== Data to examine ==
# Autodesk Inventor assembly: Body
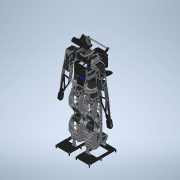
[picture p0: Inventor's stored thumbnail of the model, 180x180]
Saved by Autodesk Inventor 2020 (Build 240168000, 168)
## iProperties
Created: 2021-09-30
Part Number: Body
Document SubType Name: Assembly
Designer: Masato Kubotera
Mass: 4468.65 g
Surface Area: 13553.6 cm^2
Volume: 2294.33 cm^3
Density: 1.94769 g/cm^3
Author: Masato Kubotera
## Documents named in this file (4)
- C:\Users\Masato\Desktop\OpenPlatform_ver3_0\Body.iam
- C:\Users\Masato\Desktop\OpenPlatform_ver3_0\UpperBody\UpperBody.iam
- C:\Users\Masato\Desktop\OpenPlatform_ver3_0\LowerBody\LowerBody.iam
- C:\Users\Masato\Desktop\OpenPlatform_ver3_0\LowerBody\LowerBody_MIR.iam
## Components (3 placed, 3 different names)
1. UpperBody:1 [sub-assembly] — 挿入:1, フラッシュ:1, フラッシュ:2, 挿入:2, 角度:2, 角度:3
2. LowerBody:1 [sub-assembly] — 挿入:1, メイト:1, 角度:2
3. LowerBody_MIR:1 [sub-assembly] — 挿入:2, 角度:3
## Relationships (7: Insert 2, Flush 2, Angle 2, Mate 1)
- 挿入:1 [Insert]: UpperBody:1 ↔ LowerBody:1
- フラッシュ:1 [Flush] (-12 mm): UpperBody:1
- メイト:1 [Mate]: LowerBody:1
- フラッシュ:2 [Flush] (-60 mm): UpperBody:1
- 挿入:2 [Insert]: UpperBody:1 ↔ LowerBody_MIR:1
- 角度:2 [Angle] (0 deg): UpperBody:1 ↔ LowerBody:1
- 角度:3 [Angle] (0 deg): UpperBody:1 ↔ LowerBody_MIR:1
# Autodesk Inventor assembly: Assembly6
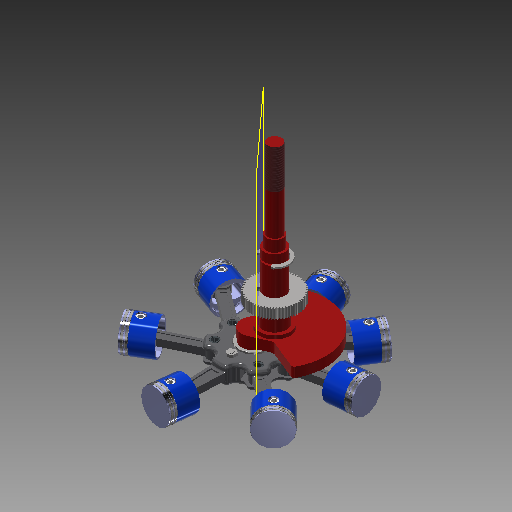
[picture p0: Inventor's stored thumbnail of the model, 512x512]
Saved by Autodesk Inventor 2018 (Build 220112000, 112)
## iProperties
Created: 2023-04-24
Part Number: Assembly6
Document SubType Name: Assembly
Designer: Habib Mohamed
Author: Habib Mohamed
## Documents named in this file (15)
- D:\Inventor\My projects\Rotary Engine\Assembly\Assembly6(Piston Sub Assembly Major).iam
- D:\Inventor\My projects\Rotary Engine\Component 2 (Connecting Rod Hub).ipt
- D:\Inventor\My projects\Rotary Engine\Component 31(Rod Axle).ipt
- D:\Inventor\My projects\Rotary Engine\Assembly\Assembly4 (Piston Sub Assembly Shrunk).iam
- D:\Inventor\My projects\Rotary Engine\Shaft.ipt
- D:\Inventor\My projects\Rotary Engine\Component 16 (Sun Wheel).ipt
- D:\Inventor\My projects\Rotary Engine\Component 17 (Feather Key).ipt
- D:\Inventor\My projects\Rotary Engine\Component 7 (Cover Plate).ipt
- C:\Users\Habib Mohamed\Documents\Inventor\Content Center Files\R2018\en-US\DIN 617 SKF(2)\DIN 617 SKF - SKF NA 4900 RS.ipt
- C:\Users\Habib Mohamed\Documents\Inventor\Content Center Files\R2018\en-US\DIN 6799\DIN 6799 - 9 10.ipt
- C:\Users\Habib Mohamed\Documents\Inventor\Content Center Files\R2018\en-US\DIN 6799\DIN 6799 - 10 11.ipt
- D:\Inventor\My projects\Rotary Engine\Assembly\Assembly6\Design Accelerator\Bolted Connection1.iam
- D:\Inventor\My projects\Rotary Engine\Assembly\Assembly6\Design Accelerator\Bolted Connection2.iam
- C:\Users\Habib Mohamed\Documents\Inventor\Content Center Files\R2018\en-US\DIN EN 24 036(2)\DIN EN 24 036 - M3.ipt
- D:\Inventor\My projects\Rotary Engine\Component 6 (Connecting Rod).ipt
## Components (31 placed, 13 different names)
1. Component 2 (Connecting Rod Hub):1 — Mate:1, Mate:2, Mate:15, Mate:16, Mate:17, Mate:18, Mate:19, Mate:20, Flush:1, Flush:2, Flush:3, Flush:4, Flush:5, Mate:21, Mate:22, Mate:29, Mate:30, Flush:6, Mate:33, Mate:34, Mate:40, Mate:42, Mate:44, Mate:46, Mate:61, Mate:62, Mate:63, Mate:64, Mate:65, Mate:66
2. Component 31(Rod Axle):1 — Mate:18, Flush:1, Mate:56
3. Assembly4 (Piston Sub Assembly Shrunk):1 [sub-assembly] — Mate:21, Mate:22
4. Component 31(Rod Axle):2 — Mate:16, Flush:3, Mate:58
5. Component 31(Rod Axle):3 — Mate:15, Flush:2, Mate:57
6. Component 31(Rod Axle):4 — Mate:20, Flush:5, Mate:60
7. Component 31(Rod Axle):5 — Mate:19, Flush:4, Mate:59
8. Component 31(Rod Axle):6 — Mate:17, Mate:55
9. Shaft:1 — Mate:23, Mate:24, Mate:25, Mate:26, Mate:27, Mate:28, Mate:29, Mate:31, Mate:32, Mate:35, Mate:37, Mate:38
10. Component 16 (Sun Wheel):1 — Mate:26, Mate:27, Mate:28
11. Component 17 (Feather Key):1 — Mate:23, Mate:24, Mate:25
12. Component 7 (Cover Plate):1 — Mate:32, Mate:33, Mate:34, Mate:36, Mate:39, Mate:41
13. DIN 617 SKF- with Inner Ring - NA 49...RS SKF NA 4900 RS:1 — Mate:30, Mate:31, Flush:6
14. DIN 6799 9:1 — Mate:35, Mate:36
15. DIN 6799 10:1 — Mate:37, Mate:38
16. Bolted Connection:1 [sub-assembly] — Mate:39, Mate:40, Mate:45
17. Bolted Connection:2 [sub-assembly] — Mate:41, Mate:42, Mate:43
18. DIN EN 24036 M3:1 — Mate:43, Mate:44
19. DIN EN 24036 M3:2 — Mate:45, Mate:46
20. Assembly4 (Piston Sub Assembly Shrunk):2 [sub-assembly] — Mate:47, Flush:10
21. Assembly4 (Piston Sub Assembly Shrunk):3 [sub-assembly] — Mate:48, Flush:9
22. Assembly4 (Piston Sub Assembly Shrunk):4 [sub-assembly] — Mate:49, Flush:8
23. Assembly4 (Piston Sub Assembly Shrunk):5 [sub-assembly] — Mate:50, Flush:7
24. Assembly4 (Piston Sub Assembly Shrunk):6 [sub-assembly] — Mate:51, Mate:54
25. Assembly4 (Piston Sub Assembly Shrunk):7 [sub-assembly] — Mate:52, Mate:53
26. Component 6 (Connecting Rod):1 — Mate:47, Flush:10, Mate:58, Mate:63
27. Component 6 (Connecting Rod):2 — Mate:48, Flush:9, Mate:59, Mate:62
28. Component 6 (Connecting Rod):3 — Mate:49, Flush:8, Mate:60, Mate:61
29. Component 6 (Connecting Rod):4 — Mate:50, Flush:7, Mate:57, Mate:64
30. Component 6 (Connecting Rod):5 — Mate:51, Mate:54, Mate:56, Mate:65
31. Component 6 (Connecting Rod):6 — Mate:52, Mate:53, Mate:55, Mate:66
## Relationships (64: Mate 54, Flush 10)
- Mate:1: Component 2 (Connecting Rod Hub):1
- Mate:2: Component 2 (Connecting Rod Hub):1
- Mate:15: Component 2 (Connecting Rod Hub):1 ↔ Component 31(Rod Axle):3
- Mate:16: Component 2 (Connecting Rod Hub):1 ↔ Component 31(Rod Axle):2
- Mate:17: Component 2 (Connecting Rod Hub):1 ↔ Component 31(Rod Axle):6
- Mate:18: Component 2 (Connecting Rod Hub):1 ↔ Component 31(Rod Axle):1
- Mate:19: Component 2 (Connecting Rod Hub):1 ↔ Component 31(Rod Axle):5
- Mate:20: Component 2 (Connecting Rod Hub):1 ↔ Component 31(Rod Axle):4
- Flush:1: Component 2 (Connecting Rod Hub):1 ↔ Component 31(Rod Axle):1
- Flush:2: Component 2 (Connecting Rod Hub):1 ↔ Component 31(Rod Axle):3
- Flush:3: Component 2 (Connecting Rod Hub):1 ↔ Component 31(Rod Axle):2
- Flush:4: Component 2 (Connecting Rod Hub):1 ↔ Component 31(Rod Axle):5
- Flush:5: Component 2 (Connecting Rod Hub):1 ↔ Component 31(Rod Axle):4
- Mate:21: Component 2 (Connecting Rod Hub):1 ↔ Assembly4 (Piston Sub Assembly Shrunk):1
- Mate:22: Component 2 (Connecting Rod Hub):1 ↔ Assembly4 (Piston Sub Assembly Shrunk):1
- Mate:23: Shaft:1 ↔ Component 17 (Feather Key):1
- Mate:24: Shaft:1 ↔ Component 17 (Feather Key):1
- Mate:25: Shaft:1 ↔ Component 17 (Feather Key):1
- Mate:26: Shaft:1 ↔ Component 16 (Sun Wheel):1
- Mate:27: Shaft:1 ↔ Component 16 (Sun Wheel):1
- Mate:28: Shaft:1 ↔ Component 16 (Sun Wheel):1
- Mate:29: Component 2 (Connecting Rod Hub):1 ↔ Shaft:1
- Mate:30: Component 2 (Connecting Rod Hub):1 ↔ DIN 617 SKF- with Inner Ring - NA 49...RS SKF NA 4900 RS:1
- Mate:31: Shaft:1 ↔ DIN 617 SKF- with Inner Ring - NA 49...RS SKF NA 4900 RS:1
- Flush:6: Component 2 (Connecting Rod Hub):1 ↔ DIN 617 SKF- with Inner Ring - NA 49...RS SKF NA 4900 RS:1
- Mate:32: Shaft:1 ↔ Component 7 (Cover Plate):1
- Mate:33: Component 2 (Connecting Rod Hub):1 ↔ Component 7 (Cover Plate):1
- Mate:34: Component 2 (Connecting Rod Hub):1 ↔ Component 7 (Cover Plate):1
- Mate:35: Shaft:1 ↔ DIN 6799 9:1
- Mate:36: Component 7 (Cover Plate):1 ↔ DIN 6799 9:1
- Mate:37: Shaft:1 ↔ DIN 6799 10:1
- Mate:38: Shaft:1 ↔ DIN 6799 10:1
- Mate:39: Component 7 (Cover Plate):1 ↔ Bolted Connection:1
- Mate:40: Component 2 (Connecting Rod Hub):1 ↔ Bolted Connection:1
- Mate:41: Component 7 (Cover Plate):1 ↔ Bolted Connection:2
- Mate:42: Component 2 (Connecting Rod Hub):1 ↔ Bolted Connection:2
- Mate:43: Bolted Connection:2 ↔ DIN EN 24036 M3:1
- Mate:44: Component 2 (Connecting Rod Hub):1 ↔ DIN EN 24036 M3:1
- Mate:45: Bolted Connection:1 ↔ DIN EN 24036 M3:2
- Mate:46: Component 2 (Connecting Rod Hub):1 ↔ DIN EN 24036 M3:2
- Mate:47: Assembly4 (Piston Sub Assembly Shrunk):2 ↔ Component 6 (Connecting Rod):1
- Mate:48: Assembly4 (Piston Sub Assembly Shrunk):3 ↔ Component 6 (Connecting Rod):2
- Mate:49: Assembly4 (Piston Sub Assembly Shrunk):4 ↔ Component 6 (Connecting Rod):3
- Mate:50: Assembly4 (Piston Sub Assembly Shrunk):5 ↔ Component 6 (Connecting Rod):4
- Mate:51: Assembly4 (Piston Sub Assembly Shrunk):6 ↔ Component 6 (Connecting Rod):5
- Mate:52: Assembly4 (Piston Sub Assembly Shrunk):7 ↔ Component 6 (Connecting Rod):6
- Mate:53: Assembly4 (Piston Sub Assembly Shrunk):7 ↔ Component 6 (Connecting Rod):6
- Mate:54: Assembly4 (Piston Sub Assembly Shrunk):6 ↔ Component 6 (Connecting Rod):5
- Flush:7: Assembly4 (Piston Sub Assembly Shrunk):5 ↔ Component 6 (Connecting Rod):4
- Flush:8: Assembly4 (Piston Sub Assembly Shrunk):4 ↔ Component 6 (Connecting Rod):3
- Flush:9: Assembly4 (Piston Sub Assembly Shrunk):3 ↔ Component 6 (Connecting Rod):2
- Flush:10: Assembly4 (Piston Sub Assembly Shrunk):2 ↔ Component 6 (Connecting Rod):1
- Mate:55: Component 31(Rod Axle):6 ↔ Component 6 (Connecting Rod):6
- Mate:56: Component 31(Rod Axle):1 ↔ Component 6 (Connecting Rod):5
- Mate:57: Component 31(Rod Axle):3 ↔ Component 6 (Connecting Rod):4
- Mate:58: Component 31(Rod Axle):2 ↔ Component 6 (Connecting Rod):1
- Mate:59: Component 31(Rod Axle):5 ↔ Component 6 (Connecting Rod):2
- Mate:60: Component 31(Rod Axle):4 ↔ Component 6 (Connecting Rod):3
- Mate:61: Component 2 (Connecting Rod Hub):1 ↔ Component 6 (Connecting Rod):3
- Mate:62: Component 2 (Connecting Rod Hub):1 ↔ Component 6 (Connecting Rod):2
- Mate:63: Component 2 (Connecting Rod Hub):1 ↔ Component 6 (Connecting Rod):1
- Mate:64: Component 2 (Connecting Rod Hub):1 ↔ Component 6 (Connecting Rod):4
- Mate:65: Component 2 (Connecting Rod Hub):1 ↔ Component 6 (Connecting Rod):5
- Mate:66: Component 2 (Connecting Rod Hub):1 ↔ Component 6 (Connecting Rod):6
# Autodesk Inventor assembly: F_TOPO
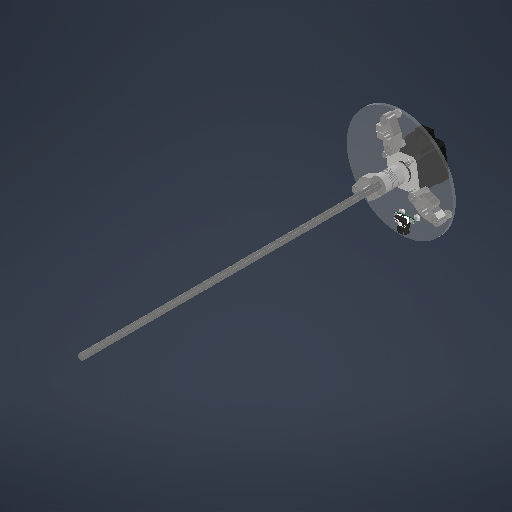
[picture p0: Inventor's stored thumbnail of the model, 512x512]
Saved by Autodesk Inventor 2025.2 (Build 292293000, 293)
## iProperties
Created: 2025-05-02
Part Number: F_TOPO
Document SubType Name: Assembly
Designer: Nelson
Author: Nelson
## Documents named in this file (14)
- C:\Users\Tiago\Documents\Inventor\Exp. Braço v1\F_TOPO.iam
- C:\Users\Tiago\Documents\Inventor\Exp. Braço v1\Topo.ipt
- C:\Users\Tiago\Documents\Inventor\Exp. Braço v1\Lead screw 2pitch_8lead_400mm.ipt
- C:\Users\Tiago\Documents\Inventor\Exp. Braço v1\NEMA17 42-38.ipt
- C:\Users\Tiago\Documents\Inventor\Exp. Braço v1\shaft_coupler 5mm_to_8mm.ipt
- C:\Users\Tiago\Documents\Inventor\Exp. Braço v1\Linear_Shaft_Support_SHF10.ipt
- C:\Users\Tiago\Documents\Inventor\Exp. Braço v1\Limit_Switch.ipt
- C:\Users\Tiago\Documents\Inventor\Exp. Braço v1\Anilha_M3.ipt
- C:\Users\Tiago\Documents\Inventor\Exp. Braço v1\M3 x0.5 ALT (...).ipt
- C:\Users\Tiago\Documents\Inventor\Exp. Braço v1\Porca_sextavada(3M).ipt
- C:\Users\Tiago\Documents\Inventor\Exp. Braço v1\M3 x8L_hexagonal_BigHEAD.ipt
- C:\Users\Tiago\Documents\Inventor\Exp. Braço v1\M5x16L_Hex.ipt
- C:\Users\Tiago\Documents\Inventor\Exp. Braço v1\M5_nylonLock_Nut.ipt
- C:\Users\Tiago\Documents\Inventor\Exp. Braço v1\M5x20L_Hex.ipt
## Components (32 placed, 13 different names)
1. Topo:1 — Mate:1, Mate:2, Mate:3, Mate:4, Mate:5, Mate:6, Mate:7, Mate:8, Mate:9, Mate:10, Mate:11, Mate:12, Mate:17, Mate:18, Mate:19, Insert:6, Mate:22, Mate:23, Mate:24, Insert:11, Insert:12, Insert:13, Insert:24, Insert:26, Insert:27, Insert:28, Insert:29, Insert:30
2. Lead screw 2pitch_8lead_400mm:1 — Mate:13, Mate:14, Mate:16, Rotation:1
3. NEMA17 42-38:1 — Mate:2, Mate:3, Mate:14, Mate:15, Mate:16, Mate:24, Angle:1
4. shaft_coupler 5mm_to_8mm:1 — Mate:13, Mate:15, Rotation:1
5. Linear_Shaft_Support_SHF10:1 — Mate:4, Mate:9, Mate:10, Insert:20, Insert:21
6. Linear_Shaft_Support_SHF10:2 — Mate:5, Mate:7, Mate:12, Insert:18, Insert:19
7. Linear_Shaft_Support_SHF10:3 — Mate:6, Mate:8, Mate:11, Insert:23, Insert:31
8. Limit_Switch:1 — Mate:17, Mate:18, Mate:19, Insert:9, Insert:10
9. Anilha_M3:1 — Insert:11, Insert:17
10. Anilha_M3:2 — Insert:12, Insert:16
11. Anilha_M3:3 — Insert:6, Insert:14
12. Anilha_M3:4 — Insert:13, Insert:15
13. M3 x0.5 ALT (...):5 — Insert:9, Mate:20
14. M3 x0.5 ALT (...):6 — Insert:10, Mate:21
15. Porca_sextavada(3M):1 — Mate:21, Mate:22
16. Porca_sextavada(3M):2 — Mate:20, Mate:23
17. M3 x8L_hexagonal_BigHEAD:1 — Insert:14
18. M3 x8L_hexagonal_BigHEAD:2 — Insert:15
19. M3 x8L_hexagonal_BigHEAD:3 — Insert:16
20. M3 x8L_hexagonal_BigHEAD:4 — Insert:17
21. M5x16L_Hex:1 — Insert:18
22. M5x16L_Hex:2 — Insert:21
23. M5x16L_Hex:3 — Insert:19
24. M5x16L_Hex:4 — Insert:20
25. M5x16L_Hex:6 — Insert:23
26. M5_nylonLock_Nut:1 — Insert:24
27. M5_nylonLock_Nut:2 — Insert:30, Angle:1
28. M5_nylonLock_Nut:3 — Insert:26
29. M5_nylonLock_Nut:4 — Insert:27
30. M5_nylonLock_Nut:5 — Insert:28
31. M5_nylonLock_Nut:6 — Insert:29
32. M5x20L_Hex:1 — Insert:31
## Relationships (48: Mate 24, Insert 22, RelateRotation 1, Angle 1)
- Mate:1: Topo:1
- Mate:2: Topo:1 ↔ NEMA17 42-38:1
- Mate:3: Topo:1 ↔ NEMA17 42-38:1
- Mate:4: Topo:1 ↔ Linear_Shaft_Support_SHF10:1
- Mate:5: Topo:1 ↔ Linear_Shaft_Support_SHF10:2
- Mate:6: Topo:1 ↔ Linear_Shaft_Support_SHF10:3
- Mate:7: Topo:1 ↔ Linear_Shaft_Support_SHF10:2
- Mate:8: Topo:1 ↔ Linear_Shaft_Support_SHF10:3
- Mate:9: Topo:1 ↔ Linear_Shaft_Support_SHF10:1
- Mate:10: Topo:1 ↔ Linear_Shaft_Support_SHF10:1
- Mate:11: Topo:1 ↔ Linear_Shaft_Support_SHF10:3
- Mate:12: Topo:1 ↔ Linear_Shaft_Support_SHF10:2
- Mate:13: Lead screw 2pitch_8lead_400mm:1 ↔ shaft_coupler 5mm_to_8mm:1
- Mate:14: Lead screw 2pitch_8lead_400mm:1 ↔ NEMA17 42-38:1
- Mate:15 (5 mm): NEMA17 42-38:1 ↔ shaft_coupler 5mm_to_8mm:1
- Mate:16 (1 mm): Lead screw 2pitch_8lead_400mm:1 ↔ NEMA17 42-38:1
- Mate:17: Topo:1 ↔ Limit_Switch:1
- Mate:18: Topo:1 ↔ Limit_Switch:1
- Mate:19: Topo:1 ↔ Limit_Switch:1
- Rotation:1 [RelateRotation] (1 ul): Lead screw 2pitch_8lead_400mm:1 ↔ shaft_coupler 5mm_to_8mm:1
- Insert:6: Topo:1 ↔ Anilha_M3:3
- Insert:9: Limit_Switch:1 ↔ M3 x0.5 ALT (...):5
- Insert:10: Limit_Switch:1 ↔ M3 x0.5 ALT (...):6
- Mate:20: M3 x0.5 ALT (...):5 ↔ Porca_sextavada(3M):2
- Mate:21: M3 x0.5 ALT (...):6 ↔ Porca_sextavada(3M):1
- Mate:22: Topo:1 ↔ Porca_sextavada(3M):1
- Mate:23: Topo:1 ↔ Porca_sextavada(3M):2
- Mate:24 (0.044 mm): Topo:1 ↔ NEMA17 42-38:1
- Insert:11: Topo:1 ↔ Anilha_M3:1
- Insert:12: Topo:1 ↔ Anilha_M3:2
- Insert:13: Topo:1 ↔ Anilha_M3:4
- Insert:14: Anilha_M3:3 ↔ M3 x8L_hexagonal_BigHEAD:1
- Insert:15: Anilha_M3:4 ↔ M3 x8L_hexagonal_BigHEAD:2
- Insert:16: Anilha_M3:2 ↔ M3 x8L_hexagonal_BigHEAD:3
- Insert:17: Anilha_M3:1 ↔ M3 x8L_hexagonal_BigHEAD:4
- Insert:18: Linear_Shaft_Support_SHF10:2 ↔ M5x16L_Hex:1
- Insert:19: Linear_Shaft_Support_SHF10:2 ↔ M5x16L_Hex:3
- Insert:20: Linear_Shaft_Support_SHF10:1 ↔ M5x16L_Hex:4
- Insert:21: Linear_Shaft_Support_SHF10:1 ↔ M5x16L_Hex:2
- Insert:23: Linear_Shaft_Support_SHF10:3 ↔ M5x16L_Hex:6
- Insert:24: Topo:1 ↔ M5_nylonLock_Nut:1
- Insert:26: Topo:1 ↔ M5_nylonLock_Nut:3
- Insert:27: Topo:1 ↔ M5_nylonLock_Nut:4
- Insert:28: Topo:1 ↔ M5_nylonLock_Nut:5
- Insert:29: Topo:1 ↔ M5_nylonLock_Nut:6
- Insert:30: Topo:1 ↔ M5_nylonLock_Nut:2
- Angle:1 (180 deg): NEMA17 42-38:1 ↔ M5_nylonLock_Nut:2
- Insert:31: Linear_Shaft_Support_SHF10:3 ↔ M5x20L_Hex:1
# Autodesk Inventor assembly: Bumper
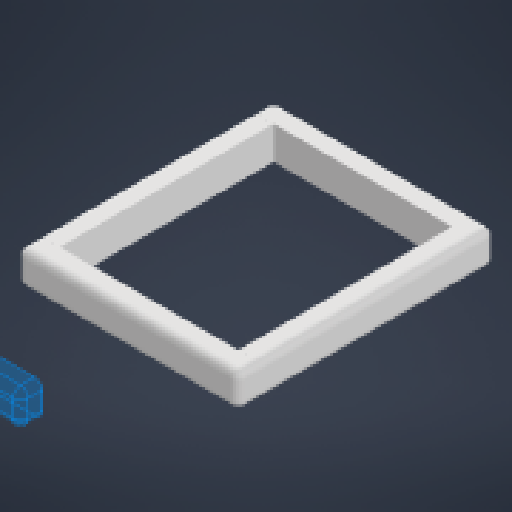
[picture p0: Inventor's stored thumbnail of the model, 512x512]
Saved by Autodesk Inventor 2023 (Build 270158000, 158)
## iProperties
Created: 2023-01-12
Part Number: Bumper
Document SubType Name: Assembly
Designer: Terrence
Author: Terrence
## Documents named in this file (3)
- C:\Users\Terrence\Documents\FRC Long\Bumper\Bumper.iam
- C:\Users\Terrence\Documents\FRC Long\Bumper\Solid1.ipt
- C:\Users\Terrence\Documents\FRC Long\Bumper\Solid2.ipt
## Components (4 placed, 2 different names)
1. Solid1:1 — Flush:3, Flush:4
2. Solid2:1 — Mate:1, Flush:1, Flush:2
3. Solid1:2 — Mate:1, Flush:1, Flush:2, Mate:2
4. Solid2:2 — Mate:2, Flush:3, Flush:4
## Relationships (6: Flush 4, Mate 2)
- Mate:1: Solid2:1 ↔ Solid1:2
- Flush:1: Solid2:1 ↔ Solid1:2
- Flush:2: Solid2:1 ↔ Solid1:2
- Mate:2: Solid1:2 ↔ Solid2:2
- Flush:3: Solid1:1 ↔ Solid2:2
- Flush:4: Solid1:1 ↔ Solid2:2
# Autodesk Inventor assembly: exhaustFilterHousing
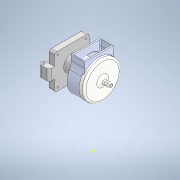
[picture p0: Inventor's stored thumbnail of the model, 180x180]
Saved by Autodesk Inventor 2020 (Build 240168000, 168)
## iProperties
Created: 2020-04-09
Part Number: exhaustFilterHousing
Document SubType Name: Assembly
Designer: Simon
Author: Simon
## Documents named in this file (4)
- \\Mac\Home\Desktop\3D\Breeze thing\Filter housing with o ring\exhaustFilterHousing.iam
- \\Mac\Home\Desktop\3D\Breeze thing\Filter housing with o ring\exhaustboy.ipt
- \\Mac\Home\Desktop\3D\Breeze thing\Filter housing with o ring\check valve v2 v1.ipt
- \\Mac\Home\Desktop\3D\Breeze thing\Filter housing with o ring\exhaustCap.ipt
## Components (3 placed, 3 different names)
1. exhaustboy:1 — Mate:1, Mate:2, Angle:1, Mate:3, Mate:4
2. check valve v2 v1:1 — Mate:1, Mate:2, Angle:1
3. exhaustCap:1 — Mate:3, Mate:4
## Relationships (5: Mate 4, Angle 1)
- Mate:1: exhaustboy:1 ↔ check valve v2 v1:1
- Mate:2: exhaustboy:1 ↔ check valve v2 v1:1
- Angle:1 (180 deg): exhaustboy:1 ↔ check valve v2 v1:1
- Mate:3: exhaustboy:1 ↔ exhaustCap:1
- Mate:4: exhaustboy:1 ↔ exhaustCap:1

== Work instructions ==
Which lines run from the one containing "1. exhaustboy:1 —" through the end of the material? Output exactly those lines and no others.

== Task solution ==
1. exhaustboy:1 — Mate:1, Mate:2, Angle:1, Mate:3, Mate:4
2. check valve v2 v1:1 — Mate:1, Mate:2, Angle:1
3. exhaustCap:1 — Mate:3, Mate:4
## Relationships (5: Mate 4, Angle 1)
- Mate:1: exhaustboy:1 ↔ check valve v2 v1:1
- Mate:2: exhaustboy:1 ↔ check valve v2 v1:1
- Angle:1 (180 deg): exhaustboy:1 ↔ check valve v2 v1:1
- Mate:3: exhaustboy:1 ↔ exhaustCap:1
- Mate:4: exhaustboy:1 ↔ exhaustCap:1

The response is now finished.